Let the answer be the lines from the one with "line L0 (56.2192, -31.5843)" to the end of the entries, copied exactly with both boundary lines kept.

Entries taken from a collection
Segment Open

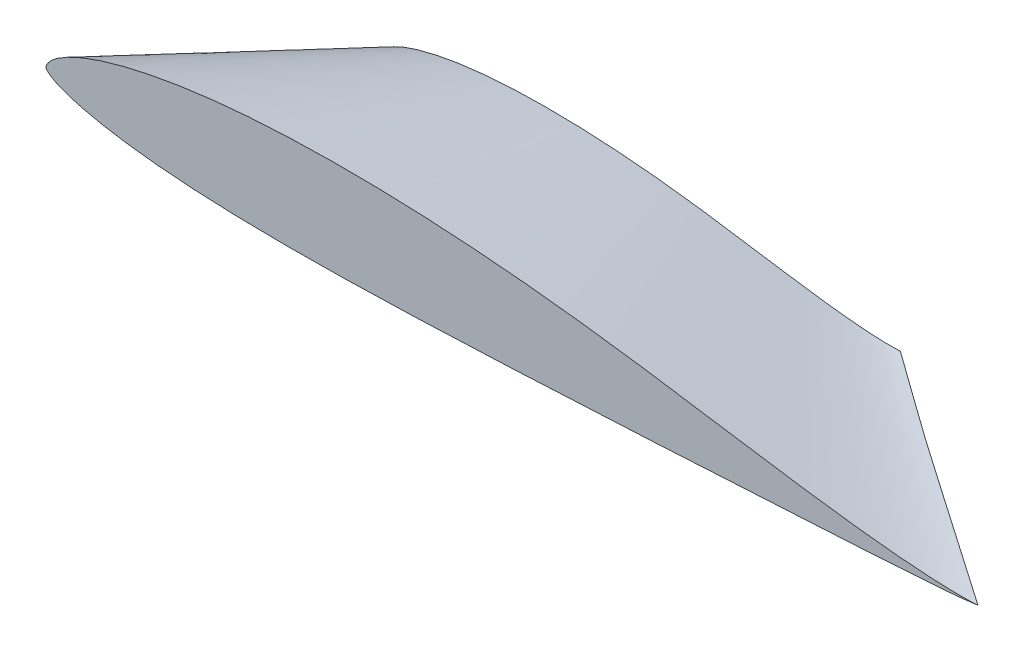
SolidWorks part; units mm, degrees
ref_plane "Front Plane" through (0, 0, 0) normal (0, 0, 1) x (1, 0, 0)
ref_plane "Top Plane" through (0, 0, 0) normal (0, 1, 0) x (1, 0, 0)
ref_plane "Right Plane" through (0, 0, 0) normal (1, 0, 0) x (0, 0, -1)
curve "Curve1"
  spline degree 3 poles (178.8235, -0.1536, 0) (180.3162, 0.0326, 0) (178.6769, -0.0979, 0) (177.3268, -0.1109, 0) (173.9976, -0.1057, 0) (169.9397, 0.1046, 0) (164.6882, 0.4858, 0) (158.5901, 1.1026, 0) (151.6988, 1.9482, 0) (144.1808, 2.9934, 0) (136.1635, 4.1927, 0) (127.7797, 5.4908, 0) (119.1442, 6.8173, 0) (110.3463, 8.0754, 0) (101.4587, 9.2, 0) (92.5465, 10.1562, 0) (83.6758, 10.9156, 0) (74.9166, 11.4682, 0) (66.342, 11.806, 0) (58.028, 11.9274, 0) (50.0487, 11.8319, 0) (42.4741, 11.515, 0) (35.367, 10.9819, 0) (28.7822, 10.24, 0) (22.7701, 9.3088, 0) (17.3773, 8.2269, 0) (12.6499, 7.0268, 0) (8.6305, 5.74, 0) (5.3502, 4.4039, 0) (2.8359, 3.0632, 0) (1.2518, 1.9009, 0) (0.4818, 1.0554, 0) (0.1891, 0.6046, 0) (0.0579, 0.3158, 0) (-0.0016, 0.0856, 0) (-0.0042, -0.0985, 0) (0.0738, -0.2696, 0) (0.2282, -0.4702, 0) (0.4808, -0.7088, 0) (0.9335, -1.0446, 0) (2.0075, -1.6855, 0) (4.0408, -2.5002, 0) (7.1529, -3.4084, 0) (11.097, -4.2605, 0) (15.8307, -5.0186, 0) (21.3187, -5.6503, 0) (27.5191, -6.1332, 0) (34.3853, -6.4628, 0) (41.8623, -6.6344, 0) (49.8874, -6.6565, 0) (58.3886, -6.5391, 0) (67.2847, -6.306, 0) (76.4836, -5.9763, 0) (85.8843, -5.5795, 0) (95.3777, -5.1338, 0) (104.8501, -4.6614, 0) (114.1865, -4.1746, 0) (123.2728, -3.6881, 0) (131.998, -3.2085, 0) (140.2557, -2.7461, 0) (147.9458, -2.3044, 0) (154.9716, -1.8945, 0) (161.2526, -1.5152, 0) (166.6878, -1.1747, 0) (171.2749, -0.8603, 0) (174.7811, -0.5984, 0) (177.6251, -0.3216, 0) (178.8235, -0.1536, 0) (180.3162, 0.0326, 0) (178.6769, -0.0979, 0) knots -0.013312 -0.00609 -0.00158 0 0.001669 0.006747 0.015187 0.026742 0.041155 0.058129 0.077283 0.098227 0.12058 0.143966 0.168018 0.192451 0.217075 0.24171 0.266182 0.29031 0.313903 0.336767 0.358704 0.37954 0.399122 0.417322 0.434037 0.449154 0.462553 0.474139 0.483848 0.491647 0.497539 0.499898 0.501005 0.501951 0.502492 0.502956 0.503431 0.504004 0.505035 0.506276 0.508636 0.515301 0.524213 0.535296 0.548467 0.563638 0.580726 0.599619 0.62018 0.642246 0.665633 0.690118 0.715452 0.741354 0.76752 0.793634 0.819375 0.844429 0.868488 0.891259 0.912467 0.93185 0.949165 0.964196 0.976755 0.986688 0.99391 0.99842 1 1.001669 1.006747 1.015187 periodic
ref_plane "Plane1" through (0, 0, -35) normal (0, 0, 1) x (1, 0, 0)
sketch "Sketch2" plane through (0, 0, 0) normal (0, 0, 1) x (1, 0, 0)
  line L0 (180, 0) -> (0, 0) construction
  spline S0 degree 3 poles (178.8235, -0.1536) (180.3162, 0.0326) (178.6769, -0.0979) (177.3268, -0.1109) (173.9976, -0.1057) (169.9397, 0.1046) (164.6882, 0.4858) (158.5901, 1.1026) (151.6988, 1.9482) (144.1808, 2.9934) (136.1635, 4.1927) (127.7797, 5.4908) (119.1442, 6.8173) (110.3463, 8.0754) (101.4587, 9.2) (92.5465, 10.1562) (83.6758, 10.9156) (74.9166, 11.4682) (66.342, 11.806) (58.028, 11.9274) (50.0487, 11.8319) (42.4741, 11.515) (35.367, 10.9819) (28.7822, 10.24) (22.7701, 9.3088) (17.3773, 8.2269) (12.6499, 7.0268) (8.6305, 5.74) (5.3502, 4.4039) (2.8359, 3.0632) (1.2518, 1.9009) (0.4818, 1.0554) (0.1891, 0.6046) (0.0579, 0.3158) (-0.0016, 0.0856) (-0.0042, -0.0985) (0.0738, -0.2696) (0.2282, -0.4702) (0.4808, -0.7088) (0.9335, -1.0446) (2.0075, -1.6855) (4.0408, -2.5002) (7.1529, -3.4084) (11.097, -4.2605) (15.8307, -5.0186) (21.3187, -5.6503) (27.5191, -6.1332) (34.3853, -6.4628) (41.8623, -6.6344) (49.8874, -6.6565) (58.3886, -6.5391) (67.2847, -6.306) (76.4836, -5.9763) (85.8843, -5.5795) (95.3777, -5.1338) (104.8501, -4.6614) (114.1865, -4.1746) (123.2728, -3.6881) (131.998, -3.2085) (140.2557, -2.7461) (147.9458, -2.3044) (154.9716, -1.8945) (161.2526, -1.5152) (166.6878, -1.1747) (171.2749, -0.8603) (174.7811, -0.5984) (177.6251, -0.3216) (178.8235, -0.1536) (180.3162, 0.0326) (178.6769, -0.0979) knots -0.013312 -0.00609 -0.00158 0 0.001669 0.006747 0.015187 0.026742 0.041155 0.058129 0.077283 0.098227 0.12058 0.143966 0.168018 0.192451 0.217075 0.24171 0.266182 0.29031 0.313903 0.336767 0.358704 0.37954 0.399122 0.417322 0.434037 0.449154 0.462553 0.474139 0.483848 0.491647 0.497539 0.499898 0.501005 0.501951 0.502492 0.502956 0.503431 0.504004 0.505035 0.506276 0.508636 0.515301 0.524213 0.535296 0.548467 0.563638 0.580726 0.599619 0.62018 0.642246 0.665633 0.690118 0.715452 0.741354 0.76752 0.793634 0.819375 0.844429 0.868488 0.891259 0.912467 0.93185 0.949165 0.964196 0.976755 0.986688 0.99391 0.99842 1 1.001669 1.006747 1.015187 only from (180, 0) to (180, 0) construction
  spline S1 degree 3 poles (178.8235, -0.1536) (180.3162, 0.0326) (178.6769, -0.0979) (177.3268, -0.1109) (173.9976, -0.1057) (169.9397, 0.1046) (164.6882, 0.4858) (158.5901, 1.1026) (151.6988, 1.9482) (144.1808, 2.9934) (136.1635, 4.1927) (127.7797, 5.4908) (119.1442, 6.8173) (110.3463, 8.0754) (101.4587, 9.2) (92.5465, 10.1562) (83.6758, 10.9156) (74.9166, 11.4682) (66.342, 11.806) (58.028, 11.9274) (50.0487, 11.8319) (42.4741, 11.515) (35.367, 10.9819) (28.7822, 10.24) (22.7701, 9.3088) (17.3773, 8.2269) (12.6499, 7.0268) (8.6305, 5.74) (5.3502, 4.4039) (2.8359, 3.0632) (1.2518, 1.9009) (0.4818, 1.0554) (0.1891, 0.6046) (0.0579, 0.3158) (-0.0016, 0.0856) (-0.0042, -0.0985) (0.0738, -0.2696) (0.2282, -0.4702) (0.4808, -0.7088) (0.9335, -1.0446) (2.0075, -1.6855) (4.0408, -2.5002) (7.1529, -3.4084) (11.097, -4.2605) (15.8307, -5.0186) (21.3187, -5.6503) (27.5191, -6.1332) (34.3853, -6.4628) (41.8623, -6.6344) (49.8874, -6.6565) (58.3886, -6.5391) (67.2847, -6.306) (76.4836, -5.9763) (85.8843, -5.5795) (95.3777, -5.1338) (104.8501, -4.6614) (114.1865, -4.1746) (123.2728, -3.6881) (131.998, -3.2085) (140.2557, -2.7461) (147.9458, -2.3044) (154.9716, -1.8945) (161.2526, -1.5152) (166.6878, -1.1747) (171.2749, -0.8603) (174.7811, -0.5984) (177.6251, -0.3216) (178.8235, -0.1536) (180.3162, 0.0326) (178.6769, -0.0979) knots -0.013312 -0.00609 -0.00158 0 0.001669 0.006747 0.015187 0.026742 0.041155 0.058129 0.077283 0.098227 0.12058 0.143966 0.168018 0.192451 0.217075 0.24171 0.266182 0.29031 0.313903 0.336767 0.358704 0.37954 0.399122 0.417322 0.434037 0.449154 0.462553 0.474139 0.483848 0.491647 0.497539 0.499898 0.501005 0.501951 0.502492 0.502956 0.503431 0.504004 0.505035 0.506276 0.508636 0.515301 0.524213 0.535296 0.548467 0.563638 0.580726 0.599619 0.62018 0.642246 0.665633 0.690118 0.715452 0.741354 0.76752 0.793634 0.819375 0.844429 0.868488 0.891259 0.912467 0.93185 0.949165 0.964196 0.976755 0.986688 0.99391 0.99842 1 1.001669 1.006747 1.015187 only from (180, 0) to (180, 0)
  point P4 (0, 0)
curve "Curve2"
  spline degree 3 poles (129.3464, -0.0853, 0) (130.1757, 0.0181, 0) (129.2649, -0.0544, 0) (128.5149, -0.0616, 0) (126.6653, -0.0587, 0) (124.4109, 0.0581, 0) (121.4935, 0.2699, 0) (118.1056, 0.6125, 0) (114.2771, 1.0823, 0) (110.1004, 1.663, 0) (105.6464, 2.3293, 0) (100.9887, 3.0504, 0) (96.1912, 3.7874, 0) (91.3035, 4.4863, 0) (86.366, 5.1111, 0) (81.4147, 5.6423, 0) (76.4865, 6.0642, 0) (71.6203, 6.3712, 0) (66.8567, 6.5589, 0) (62.2378, 6.6263, 0) (57.8048, 6.5733, 0) (53.5967, 6.3972, 0) (49.6483, 6.1011, 0) (45.9901, 5.6889, 0) (42.65, 5.1716, 0) (39.654, 4.5705, 0) (37.0277, 3.9038, 0) (34.7947, 3.1889, 0) (32.9723, 2.4466, 0) (31.5755, 1.7018, 0) (30.6954, 1.0561, 0) (30.2677, 0.5864, 0) (30.1051, 0.3359, 0) (30.0322, 0.1755, 0) (29.9991, 0.0476, 0) (29.9977, -0.0547, 0) (30.041, -0.1498, 0) (30.1268, -0.2612, 0) (30.2671, -0.3938, 0) (30.5186, -0.5803, 0) (31.1153, -0.9364, 0) (32.2449, -1.389, 0) (33.9738, -1.8935, 0) (36.165, -2.3669, 0) (38.7949, -2.7881, 0) (41.8437, -3.1391, 0) (45.2884, -3.4073, 0) (49.1029, -3.5905, 0) (53.2568, -3.6858, 0) (57.7152, -3.6981, 0) (62.4381, -3.6328, 0) (67.3804, -3.5033, 0) (72.4909, -3.3202, 0) (77.7135, -3.0997, 0) (82.9876, -2.8521, 0) (88.2501, -2.5897, 0) (93.437, -2.3192, 0) (98.4849, -2.0489, 0) (103.3322, -1.7825, 0) (107.9198, -1.5256, 0) (112.1921, -1.2802, 0) (116.0954, -1.0525, 0) (119.5848, -0.8418, 0) (122.6043, -0.6526, 0) (125.1527, -0.4779, 0) (127.1006, -0.3325, 0) (128.6806, -0.1786, 0) (129.3464, -0.0853, 0) (130.1757, 0.0181, 0) (129.2649, -0.0544, 0) knots -0.013312 -0.00609 -0.00158 0 0.001669 0.006747 0.015187 0.026742 0.041155 0.058129 0.077283 0.098227 0.12058 0.143966 0.168018 0.192451 0.217075 0.24171 0.266182 0.29031 0.313903 0.336767 0.358704 0.37954 0.399122 0.417322 0.434037 0.449154 0.462553 0.474139 0.483848 0.491647 0.497539 0.499898 0.501005 0.501951 0.502492 0.502956 0.503431 0.504004 0.505035 0.506276 0.508636 0.515301 0.524213 0.535296 0.548467 0.563638 0.580726 0.599619 0.62018 0.642246 0.665633 0.690118 0.715452 0.741354 0.76752 0.793634 0.819375 0.844429 0.868488 0.891259 0.912467 0.93185 0.949165 0.964196 0.976755 0.986688 0.99391 0.99842 1 1.001669 1.006747 1.015187 periodic
sketch "Sketch3" plane through (0, 0, -35) normal (0, 0, 1) x (1, 0, 0)
  line L0 (130, 0) -> (29.9996, 0) construction
  spline S0 degree 3 poles (129.3464, -0.0853) (130.1757, 0.0181) (129.2649, -0.0544) (128.5149, -0.0616) (126.6653, -0.0587) (124.4109, 0.0581) (121.4935, 0.2699) (118.1056, 0.6125) (114.2771, 1.0823) (110.1004, 1.663) (105.6464, 2.3293) (100.9887, 3.0504) (96.1912, 3.7874) (91.3035, 4.4863) (86.366, 5.1111) (81.4147, 5.6423) (76.4865, 6.0642) (71.6203, 6.3712) (66.8567, 6.5589) (62.2378, 6.6263) (57.8048, 6.5733) (53.5967, 6.3972) (49.6483, 6.1011) (45.9901, 5.6889) (42.65, 5.1716) (39.654, 4.5705) (37.0277, 3.9038) (34.7947, 3.1889) (32.9723, 2.4466) (31.5755, 1.7018) (30.6954, 1.0561) (30.2677, 0.5864) (30.1051, 0.3359) (30.0322, 0.1755) (29.9991, 0.0476) (29.9977, -0.0547) (30.041, -0.1498) (30.1268, -0.2612) (30.2671, -0.3938) (30.5186, -0.5803) (31.1153, -0.9364) (32.2449, -1.389) (33.9738, -1.8935) (36.165, -2.3669) (38.7949, -2.7881) (41.8437, -3.1391) (45.2884, -3.4073) (49.1029, -3.5905) (53.2568, -3.6858) (57.7152, -3.6981) (62.4381, -3.6328) (67.3804, -3.5033) (72.4909, -3.3202) (77.7135, -3.0997) (82.9876, -2.8521) (88.2501, -2.5897) (93.437, -2.3192) (98.4849, -2.0489) (103.3322, -1.7825) (107.9198, -1.5256) (112.1921, -1.2802) (116.0954, -1.0525) (119.5848, -0.8418) (122.6043, -0.6526) (125.1527, -0.4779) (127.1006, -0.3325) (128.6806, -0.1786) (129.3464, -0.0853) (130.1757, 0.0181) (129.2649, -0.0544) knots -0.013312 -0.00609 -0.00158 0 0.001669 0.006747 0.015187 0.026742 0.041155 0.058129 0.077283 0.098227 0.12058 0.143966 0.168018 0.192451 0.217075 0.24171 0.266182 0.29031 0.313903 0.336767 0.358704 0.37954 0.399122 0.417322 0.434037 0.449154 0.462553 0.474139 0.483848 0.491647 0.497539 0.499898 0.501005 0.501951 0.502492 0.502956 0.503431 0.504004 0.505035 0.506276 0.508636 0.515301 0.524213 0.535296 0.548467 0.563638 0.580726 0.599619 0.62018 0.642246 0.665633 0.690118 0.715452 0.741354 0.76752 0.793634 0.819375 0.844429 0.868488 0.891259 0.912467 0.93185 0.949165 0.964196 0.976755 0.986688 0.99391 0.99842 1 1.001669 1.006747 1.015187 only from (130, 0) to (130, 0) construction
  spline S1 degree 3 poles (129.3464, -0.0853) (130.1757, 0.0181) (129.2649, -0.0544) (128.5149, -0.0616) (126.6653, -0.0587) (124.4109, 0.0581) (121.4935, 0.2699) (118.1056, 0.6125) (114.2771, 1.0823) (110.1004, 1.663) (105.6464, 2.3293) (100.9887, 3.0504) (96.1912, 3.7874) (91.3035, 4.4863) (86.366, 5.1111) (81.4147, 5.6423) (76.4865, 6.0642) (71.6203, 6.3712) (66.8567, 6.5589) (62.2378, 6.6263) (57.8048, 6.5733) (53.5967, 6.3972) (49.6483, 6.1011) (45.9901, 5.6889) (42.65, 5.1716) (39.654, 4.5705) (37.0277, 3.9038) (34.7947, 3.1889) (32.9723, 2.4466) (31.5755, 1.7018) (30.6954, 1.0561) (30.2677, 0.5864) (30.1051, 0.3359) (30.0322, 0.1755) (29.9991, 0.0476) (29.9977, -0.0547) (30.041, -0.1498) (30.1268, -0.2612) (30.2671, -0.3938) (30.5186, -0.5803) (31.1153, -0.9364) (32.2449, -1.389) (33.9738, -1.8935) (36.165, -2.3669) (38.7949, -2.7881) (41.8437, -3.1391) (45.2884, -3.4073) (49.1029, -3.5905) (53.2568, -3.6858) (57.7152, -3.6981) (62.4381, -3.6328) (67.3804, -3.5033) (72.4909, -3.3202) (77.7135, -3.0997) (82.9876, -2.8521) (88.2501, -2.5897) (93.437, -2.3192) (98.4849, -2.0489) (103.3322, -1.7825) (107.9198, -1.5256) (112.1921, -1.2802) (116.0954, -1.0525) (119.5848, -0.8418) (122.6043, -0.6526) (125.1527, -0.4779) (127.1006, -0.3325) (128.6806, -0.1786) (129.3464, -0.0853) (130.1757, 0.0181) (129.2649, -0.0544) knots -0.013312 -0.00609 -0.00158 0 0.001669 0.006747 0.015187 0.026742 0.041155 0.058129 0.077283 0.098227 0.12058 0.143966 0.168018 0.192451 0.217075 0.24171 0.266182 0.29031 0.313903 0.336767 0.358704 0.37954 0.399122 0.417322 0.434037 0.449154 0.462553 0.474139 0.483848 0.491647 0.497539 0.499898 0.501005 0.501951 0.502492 0.502956 0.503431 0.504004 0.505035 0.506276 0.508636 0.515301 0.524213 0.535296 0.548467 0.563638 0.580726 0.599619 0.62018 0.642246 0.665633 0.690118 0.715452 0.741354 0.76752 0.793634 0.819375 0.844429 0.868488 0.891259 0.912467 0.93185 0.949165 0.964196 0.976755 0.986688 0.99391 0.99842 1 1.001669 1.006747 1.015187 only from (130, 0) to (130, 0)
loft "Loft1" add profiles "Sketch2", "Sketch3" connector at (55.3868, 11.8834, 0) connector at (61.3985, 6.6053, -35)
mirror "Mirror1" [suppressed] about plane through (0, 0, 0) normal (0, 0, 1)
ref_axis "Axis4" through (0, 0, -61.6271) along (0, 0, 1)
ref_axis "Axis1" through (180, 0, 0) along (-1, 0, 0)
ref_axis "Axis2" through (130, 0, -35) along (-1, 0, 0)
ref_point "Point1"
ref_axis "Axis3" through (-0.0007, 0, 0) along (0.6508, 0, -0.7593)
sketch "Sketch4" plane through (0, 0, 0) normal (0, 1, 0) x (1, 0, 0)
  line L0 (0, 0) -> (141.8779, 107.8393) construction
  line L1 (0, 0) -> (100, 360) construction
  line L3 (25.3509, 91.2632) -> (60.0348, 45.6316) construction
  line L4 (94.7187, 0) -> (60.0348, 45.6316) construction
  line L5 (180, 0) -> (0, 0) construction
  point P5 (48.5919, 74.9411)
  point P9 (99.8417, 190.0458)
  dimension "D1" = 360
  dimension "D2" = 100
ref_plane "Plane2" through (0, 0, 0) normal (0.6051, 0, 0.7961) x (0.7961, 0, -0.6051)
sketch "Sketch5" plane through (0, 0, 0) normal (0.6051, 0, 0.7961) x (0.7961, 0, -0.6051)
  line L0 (56.2192, -31.5843) -> (68.1479, 36.0669) construction
  line L1 (56.2192, -31.5843) -> (56.2192, 24.9899) construction
  dimension "D1" = 10
ref_axis "Axis5" through (44.7577, -31.5843, -34.0197) along (0.1382, 0.9848, -0.1051)
ref_point "Point2"

Segment Closed

**Reply to the exercise:**
  line L0 (56.2192, -31.5843) -> (68.1479, 36.0669) construction
  line L1 (56.2192, -31.5843) -> (56.2192, 24.9899) construction
  dimension "D1" = 10
ref_axis "Axis5" through (44.7577, -31.5843, -34.0197) along (0.1382, 0.9848, -0.1051)
ref_point "Point2"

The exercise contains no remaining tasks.